■ EXERCISE:
What should you transcribe? Every line from the top of the records below through the line with "#14388 = EDGE_LOOP", exactly, and no pictures.

■ Items from a dataset:
/---

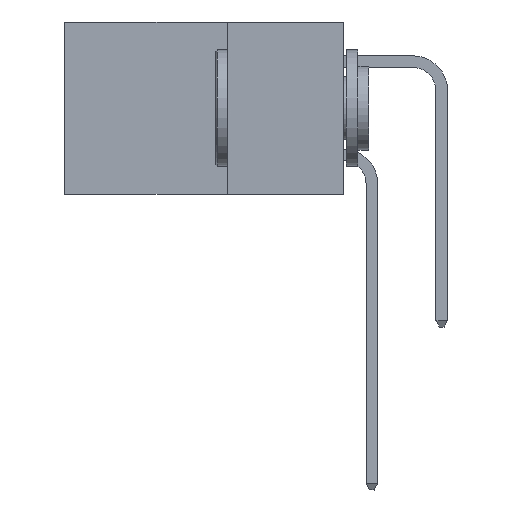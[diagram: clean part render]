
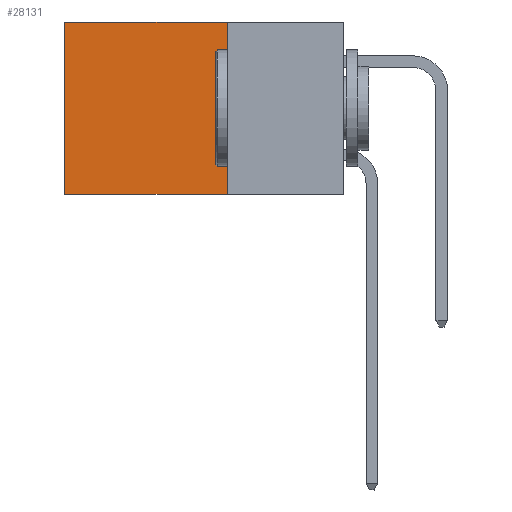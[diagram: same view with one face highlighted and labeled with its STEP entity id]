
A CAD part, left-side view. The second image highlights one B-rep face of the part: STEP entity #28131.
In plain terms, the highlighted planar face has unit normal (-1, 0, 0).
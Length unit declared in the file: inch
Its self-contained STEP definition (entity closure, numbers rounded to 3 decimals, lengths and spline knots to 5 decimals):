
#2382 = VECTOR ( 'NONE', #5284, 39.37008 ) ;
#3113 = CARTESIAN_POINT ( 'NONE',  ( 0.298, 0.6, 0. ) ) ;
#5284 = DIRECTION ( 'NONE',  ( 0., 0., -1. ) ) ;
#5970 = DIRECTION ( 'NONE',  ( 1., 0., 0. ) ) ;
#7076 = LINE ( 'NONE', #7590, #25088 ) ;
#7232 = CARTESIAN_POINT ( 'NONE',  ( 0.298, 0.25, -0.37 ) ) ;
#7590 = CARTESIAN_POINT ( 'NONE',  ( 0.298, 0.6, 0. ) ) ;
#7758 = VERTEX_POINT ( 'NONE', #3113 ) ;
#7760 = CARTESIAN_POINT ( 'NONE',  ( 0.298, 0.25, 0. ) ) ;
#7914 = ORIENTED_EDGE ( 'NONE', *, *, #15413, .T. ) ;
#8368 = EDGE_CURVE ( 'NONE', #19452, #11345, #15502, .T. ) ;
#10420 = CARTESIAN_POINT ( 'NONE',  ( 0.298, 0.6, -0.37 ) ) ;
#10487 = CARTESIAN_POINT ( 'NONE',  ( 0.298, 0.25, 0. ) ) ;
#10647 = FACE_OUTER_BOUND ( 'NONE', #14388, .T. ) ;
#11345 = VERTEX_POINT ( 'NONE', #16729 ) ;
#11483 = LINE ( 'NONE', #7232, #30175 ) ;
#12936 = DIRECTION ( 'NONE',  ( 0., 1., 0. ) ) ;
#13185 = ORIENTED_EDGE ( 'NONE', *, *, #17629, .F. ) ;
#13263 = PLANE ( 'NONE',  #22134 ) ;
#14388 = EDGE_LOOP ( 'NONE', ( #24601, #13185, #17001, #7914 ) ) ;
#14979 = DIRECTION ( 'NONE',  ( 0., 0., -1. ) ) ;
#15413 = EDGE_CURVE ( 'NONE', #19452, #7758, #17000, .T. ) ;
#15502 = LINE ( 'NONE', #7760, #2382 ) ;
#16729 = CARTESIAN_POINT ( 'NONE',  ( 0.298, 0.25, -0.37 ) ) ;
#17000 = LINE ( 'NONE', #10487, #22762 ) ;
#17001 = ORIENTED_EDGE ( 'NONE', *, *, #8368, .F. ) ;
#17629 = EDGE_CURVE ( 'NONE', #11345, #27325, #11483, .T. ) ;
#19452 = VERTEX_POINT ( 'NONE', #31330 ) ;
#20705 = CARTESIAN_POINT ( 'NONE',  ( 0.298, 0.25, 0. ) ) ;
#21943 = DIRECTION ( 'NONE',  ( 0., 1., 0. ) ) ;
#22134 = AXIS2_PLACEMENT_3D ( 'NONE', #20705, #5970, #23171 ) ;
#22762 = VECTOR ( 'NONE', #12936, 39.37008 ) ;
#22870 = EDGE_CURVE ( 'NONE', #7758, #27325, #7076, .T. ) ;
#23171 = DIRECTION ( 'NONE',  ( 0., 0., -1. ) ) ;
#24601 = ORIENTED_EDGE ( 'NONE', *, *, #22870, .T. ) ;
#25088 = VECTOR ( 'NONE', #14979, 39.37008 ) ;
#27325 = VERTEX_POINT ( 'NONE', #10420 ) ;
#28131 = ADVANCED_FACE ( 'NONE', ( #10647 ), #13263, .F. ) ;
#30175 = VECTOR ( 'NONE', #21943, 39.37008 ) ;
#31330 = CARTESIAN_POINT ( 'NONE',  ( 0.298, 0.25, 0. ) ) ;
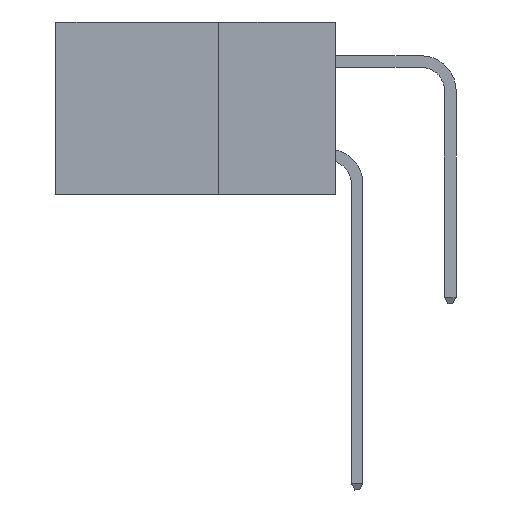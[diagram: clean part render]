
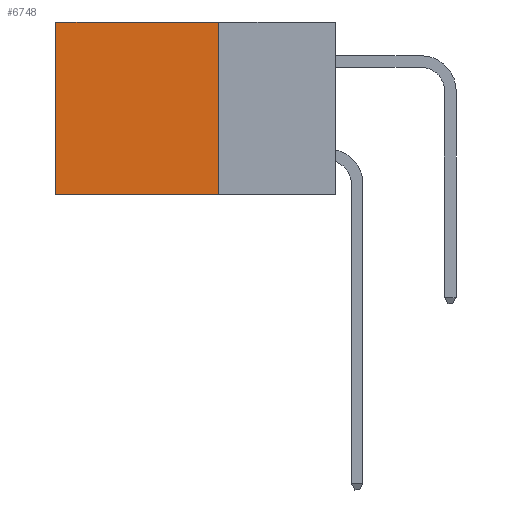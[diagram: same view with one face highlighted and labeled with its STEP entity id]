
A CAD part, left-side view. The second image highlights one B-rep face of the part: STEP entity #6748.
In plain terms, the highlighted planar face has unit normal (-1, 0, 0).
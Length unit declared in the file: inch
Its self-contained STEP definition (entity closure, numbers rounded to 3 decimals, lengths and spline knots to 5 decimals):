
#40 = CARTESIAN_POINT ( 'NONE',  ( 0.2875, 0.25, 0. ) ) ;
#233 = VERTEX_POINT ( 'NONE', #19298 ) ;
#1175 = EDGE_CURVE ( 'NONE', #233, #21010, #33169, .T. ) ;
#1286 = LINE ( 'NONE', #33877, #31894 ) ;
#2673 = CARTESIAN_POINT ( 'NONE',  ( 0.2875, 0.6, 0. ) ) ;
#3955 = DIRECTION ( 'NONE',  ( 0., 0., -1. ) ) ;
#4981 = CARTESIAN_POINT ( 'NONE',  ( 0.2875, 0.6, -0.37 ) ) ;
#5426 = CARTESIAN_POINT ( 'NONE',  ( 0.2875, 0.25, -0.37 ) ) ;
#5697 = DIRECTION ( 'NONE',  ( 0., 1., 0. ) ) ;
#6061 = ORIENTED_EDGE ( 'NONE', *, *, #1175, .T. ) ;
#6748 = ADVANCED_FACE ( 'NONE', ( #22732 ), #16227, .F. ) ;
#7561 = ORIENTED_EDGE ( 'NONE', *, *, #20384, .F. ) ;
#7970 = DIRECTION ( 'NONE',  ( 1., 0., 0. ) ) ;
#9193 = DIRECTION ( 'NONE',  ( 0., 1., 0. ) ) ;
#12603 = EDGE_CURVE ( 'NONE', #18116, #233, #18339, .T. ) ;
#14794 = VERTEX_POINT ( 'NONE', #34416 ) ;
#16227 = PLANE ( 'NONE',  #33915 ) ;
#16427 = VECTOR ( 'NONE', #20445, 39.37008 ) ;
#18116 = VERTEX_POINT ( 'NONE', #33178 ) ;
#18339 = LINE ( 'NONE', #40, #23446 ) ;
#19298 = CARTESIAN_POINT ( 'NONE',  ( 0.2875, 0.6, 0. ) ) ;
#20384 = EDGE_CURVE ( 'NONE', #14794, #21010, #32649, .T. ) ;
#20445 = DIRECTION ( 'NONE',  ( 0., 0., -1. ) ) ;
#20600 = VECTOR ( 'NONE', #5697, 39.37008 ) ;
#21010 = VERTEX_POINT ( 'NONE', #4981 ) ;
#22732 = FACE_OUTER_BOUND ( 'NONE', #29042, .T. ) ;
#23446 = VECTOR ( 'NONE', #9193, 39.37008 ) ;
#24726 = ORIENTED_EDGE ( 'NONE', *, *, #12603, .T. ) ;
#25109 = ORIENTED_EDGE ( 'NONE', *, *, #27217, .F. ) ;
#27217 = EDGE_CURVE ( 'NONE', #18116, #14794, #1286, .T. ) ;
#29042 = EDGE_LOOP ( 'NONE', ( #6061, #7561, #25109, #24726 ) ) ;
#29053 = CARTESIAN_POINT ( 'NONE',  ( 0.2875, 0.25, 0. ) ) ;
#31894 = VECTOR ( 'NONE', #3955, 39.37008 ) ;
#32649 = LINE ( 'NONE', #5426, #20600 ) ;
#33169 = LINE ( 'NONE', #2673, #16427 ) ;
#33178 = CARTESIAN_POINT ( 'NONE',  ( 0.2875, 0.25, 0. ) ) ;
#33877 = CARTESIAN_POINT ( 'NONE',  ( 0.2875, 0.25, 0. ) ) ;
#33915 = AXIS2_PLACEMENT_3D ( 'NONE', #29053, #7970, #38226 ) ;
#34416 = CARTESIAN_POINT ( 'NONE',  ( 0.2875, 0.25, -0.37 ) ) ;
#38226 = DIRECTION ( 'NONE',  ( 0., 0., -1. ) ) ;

\---

■ TASK ANSWER:
[diagram: clean part render]
[diagram: same view with one face highlighted and labeled with its STEP entity id]
A CAD part, left-side view. The second image highlights one B-rep face of the part: STEP entity #28131.
In plain terms, the highlighted planar face has unit normal (-1, 0, 0).
Length unit declared in the file: inch
Its self-contained STEP definition (entity closure, numbers rounded to 3 decimals, lengths and spline knots to 5 decimals):
#2382 = VECTOR ( 'NONE', #5284, 39.37008 ) ;
#3113 = CARTESIAN_POINT ( 'NONE',  ( 0.298, 0.6, 0. ) ) ;
#5284 = DIRECTION ( 'NONE',  ( 0., 0., -1. ) ) ;
#5970 = DIRECTION ( 'NONE',  ( 1., 0., 0. ) ) ;
#7076 = LINE ( 'NONE', #7590, #25088 ) ;
#7232 = CARTESIAN_POINT ( 'NONE',  ( 0.298, 0.25, -0.37 ) ) ;
#7590 = CARTESIAN_POINT ( 'NONE',  ( 0.298, 0.6, 0. ) ) ;
#7758 = VERTEX_POINT ( 'NONE', #3113 ) ;
#7760 = CARTESIAN_POINT ( 'NONE',  ( 0.298, 0.25, 0. ) ) ;
#7914 = ORIENTED_EDGE ( 'NONE', *, *, #15413, .T. ) ;
#8368 = EDGE_CURVE ( 'NONE', #19452, #11345, #15502, .T. ) ;
#10420 = CARTESIAN_POINT ( 'NONE',  ( 0.298, 0.6, -0.37 ) ) ;
#10487 = CARTESIAN_POINT ( 'NONE',  ( 0.298, 0.25, 0. ) ) ;
#10647 = FACE_OUTER_BOUND ( 'NONE', #14388, .T. ) ;
#11345 = VERTEX_POINT ( 'NONE', #16729 ) ;
#11483 = LINE ( 'NONE', #7232, #30175 ) ;
#12936 = DIRECTION ( 'NONE',  ( 0., 1., 0. ) ) ;
#13185 = ORIENTED_EDGE ( 'NONE', *, *, #17629, .F. ) ;
#13263 = PLANE ( 'NONE',  #22134 ) ;
#14388 = EDGE_LOOP ( 'NONE', ( #24601, #13185, #17001, #7914 ) ) ;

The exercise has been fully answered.